▸ TASK BRIEF:
Set down, without alteration, the lines from the one that contains "- net C1: track 284.9 -> 281.8 mm" through the final line of the material below.

---------------

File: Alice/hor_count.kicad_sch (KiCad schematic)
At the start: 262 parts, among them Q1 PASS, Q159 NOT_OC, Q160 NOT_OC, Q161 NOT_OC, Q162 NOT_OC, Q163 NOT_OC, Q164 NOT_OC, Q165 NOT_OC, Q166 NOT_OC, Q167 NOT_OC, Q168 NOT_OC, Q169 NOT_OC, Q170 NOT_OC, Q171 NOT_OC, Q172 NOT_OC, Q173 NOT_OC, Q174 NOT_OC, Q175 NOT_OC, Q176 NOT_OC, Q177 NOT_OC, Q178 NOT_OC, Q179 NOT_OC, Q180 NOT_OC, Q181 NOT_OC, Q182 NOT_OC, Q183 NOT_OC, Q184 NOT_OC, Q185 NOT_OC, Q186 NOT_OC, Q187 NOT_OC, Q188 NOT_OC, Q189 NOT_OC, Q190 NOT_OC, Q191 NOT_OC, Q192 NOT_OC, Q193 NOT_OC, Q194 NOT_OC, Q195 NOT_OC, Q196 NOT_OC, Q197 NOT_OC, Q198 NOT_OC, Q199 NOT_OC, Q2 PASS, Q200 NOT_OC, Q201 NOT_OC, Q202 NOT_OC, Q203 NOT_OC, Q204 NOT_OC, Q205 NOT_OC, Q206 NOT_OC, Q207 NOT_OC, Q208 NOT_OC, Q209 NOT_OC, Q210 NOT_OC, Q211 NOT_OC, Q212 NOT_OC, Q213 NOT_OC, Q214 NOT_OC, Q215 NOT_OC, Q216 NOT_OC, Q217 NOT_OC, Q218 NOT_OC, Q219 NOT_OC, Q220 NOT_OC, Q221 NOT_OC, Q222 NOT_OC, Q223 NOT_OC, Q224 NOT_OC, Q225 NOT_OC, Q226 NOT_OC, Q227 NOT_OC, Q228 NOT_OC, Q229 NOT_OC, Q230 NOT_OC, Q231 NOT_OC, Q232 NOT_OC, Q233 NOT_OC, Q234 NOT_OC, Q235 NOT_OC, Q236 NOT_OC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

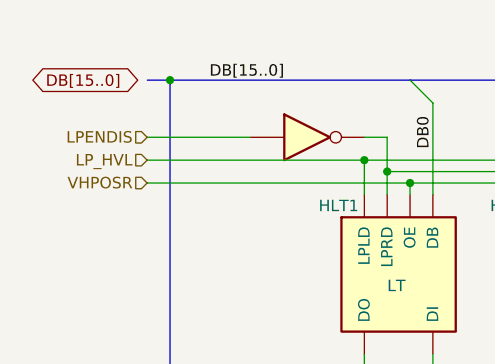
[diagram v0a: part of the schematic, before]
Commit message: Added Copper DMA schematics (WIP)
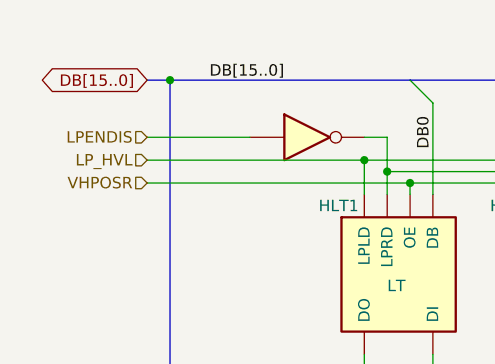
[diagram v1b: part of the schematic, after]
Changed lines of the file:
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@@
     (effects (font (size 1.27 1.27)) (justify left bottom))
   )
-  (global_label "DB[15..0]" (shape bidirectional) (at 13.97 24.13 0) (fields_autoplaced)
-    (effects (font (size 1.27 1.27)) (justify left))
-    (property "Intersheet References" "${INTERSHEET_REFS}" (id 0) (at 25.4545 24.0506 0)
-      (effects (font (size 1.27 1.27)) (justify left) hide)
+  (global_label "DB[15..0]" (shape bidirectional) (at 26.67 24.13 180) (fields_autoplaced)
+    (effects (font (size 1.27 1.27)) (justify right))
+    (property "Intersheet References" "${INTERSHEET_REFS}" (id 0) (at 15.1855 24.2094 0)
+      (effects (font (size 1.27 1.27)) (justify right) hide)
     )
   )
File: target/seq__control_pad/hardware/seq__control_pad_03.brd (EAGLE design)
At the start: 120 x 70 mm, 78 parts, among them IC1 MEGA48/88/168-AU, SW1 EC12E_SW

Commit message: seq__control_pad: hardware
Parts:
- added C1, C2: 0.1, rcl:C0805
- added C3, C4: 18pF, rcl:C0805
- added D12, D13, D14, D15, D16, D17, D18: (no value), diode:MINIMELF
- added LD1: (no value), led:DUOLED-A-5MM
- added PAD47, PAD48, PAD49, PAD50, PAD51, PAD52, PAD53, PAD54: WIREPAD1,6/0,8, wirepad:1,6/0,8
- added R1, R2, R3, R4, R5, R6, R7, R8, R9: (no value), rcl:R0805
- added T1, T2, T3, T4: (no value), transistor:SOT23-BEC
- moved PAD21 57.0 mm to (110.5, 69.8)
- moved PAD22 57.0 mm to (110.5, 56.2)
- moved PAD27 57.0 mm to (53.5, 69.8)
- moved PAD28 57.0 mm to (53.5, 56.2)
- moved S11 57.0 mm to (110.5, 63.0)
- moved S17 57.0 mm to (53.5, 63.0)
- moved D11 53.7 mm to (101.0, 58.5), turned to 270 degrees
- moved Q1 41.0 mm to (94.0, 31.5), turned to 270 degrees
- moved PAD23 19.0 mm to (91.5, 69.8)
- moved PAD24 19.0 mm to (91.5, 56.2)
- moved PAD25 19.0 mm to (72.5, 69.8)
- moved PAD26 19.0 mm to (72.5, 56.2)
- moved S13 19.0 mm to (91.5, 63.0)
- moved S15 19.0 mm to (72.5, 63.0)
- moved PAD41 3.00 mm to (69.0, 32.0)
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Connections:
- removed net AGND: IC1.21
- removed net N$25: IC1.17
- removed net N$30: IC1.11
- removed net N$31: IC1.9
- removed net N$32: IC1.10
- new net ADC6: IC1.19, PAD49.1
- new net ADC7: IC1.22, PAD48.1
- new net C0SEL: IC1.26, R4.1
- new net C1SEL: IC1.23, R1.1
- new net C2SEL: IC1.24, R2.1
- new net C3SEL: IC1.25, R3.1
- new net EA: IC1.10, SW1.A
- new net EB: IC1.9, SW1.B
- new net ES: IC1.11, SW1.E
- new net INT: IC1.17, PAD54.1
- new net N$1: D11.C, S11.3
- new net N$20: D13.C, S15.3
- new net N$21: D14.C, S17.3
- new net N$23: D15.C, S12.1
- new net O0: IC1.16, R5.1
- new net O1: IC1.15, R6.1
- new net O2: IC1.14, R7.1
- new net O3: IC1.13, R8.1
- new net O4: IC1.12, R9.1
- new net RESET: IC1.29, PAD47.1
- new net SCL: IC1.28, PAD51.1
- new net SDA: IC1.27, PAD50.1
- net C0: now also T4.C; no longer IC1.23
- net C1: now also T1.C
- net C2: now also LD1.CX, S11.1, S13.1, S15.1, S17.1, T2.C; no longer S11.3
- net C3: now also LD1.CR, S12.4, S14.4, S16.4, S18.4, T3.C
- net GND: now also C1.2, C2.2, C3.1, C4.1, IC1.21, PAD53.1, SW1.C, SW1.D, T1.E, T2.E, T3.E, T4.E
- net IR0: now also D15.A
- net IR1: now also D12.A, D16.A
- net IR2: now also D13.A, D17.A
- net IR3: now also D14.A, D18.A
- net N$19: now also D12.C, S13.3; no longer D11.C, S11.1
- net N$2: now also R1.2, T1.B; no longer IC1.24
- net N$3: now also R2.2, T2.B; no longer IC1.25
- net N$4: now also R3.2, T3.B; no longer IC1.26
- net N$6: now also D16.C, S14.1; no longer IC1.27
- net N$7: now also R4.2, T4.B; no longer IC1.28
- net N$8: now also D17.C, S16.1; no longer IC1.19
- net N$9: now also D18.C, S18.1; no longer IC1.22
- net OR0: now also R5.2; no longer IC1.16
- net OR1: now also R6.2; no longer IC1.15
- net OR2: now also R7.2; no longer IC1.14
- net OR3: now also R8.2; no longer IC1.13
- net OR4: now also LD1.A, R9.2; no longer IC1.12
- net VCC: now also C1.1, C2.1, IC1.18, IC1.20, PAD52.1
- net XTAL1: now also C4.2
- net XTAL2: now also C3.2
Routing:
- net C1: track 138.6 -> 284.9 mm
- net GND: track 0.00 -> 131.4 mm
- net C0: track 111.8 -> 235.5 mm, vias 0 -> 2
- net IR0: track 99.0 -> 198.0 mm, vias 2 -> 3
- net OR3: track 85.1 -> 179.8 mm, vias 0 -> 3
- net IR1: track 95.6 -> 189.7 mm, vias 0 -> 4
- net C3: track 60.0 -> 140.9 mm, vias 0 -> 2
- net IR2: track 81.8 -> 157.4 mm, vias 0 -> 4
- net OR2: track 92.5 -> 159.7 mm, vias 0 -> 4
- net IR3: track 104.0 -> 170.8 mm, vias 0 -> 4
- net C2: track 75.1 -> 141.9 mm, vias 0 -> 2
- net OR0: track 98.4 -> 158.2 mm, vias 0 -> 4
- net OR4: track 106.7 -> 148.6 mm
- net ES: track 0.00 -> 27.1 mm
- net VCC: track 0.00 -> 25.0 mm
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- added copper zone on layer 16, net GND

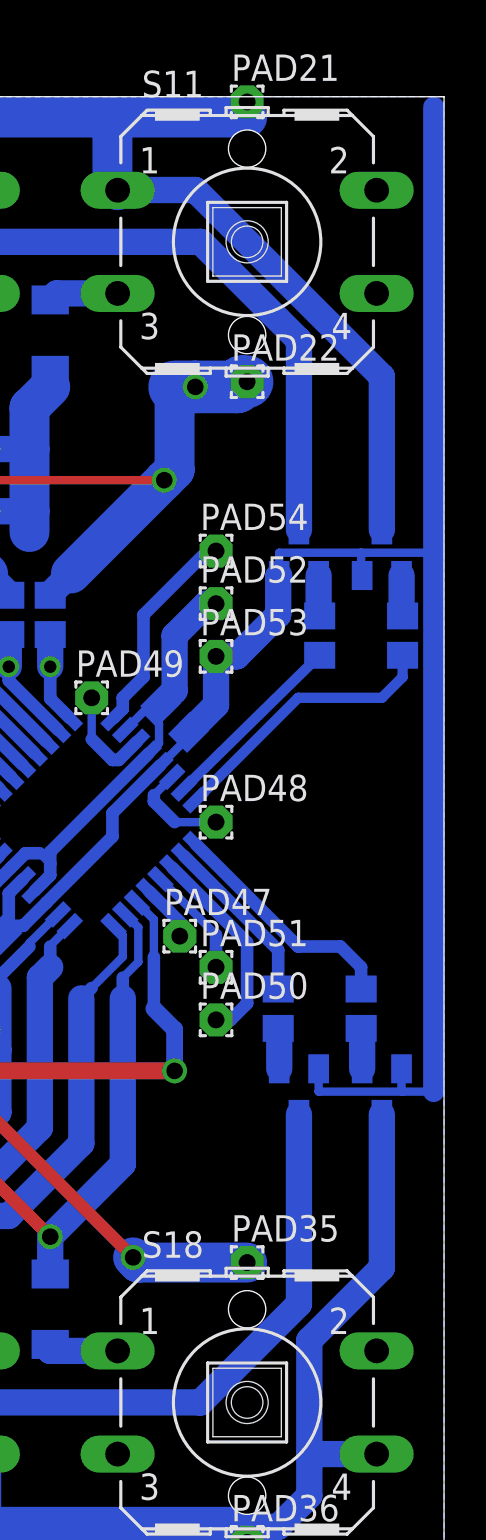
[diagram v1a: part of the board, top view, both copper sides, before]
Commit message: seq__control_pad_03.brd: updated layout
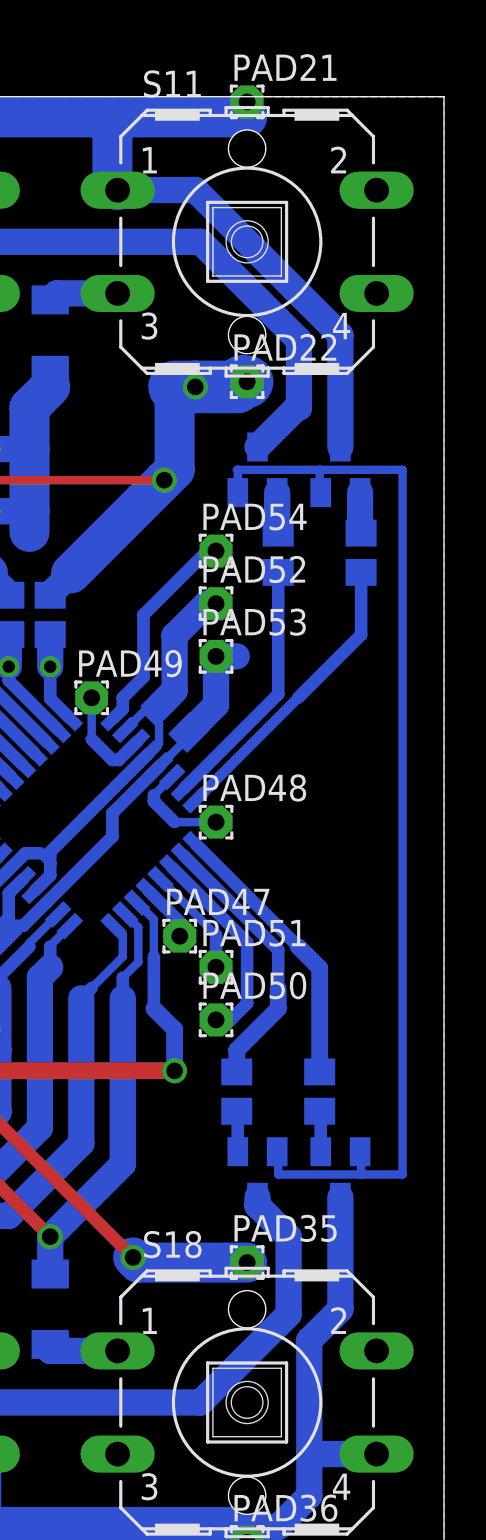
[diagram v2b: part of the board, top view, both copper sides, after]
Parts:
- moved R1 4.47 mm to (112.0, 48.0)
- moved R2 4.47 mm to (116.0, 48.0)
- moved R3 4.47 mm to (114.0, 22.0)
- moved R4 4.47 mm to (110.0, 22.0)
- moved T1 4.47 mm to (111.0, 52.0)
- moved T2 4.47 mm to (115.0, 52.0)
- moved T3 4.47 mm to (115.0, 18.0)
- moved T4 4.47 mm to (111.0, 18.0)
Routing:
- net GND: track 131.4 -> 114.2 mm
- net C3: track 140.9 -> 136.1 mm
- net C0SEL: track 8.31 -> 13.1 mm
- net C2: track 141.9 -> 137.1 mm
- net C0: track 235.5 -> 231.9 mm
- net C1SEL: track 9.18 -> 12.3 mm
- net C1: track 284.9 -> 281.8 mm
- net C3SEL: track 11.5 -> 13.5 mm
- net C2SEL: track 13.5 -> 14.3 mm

---------------

▸ EXERCISE SOLUTION:
- net C1: track 284.9 -> 281.8 mm
- net C3SEL: track 11.5 -> 13.5 mm
- net C2SEL: track 13.5 -> 14.3 mm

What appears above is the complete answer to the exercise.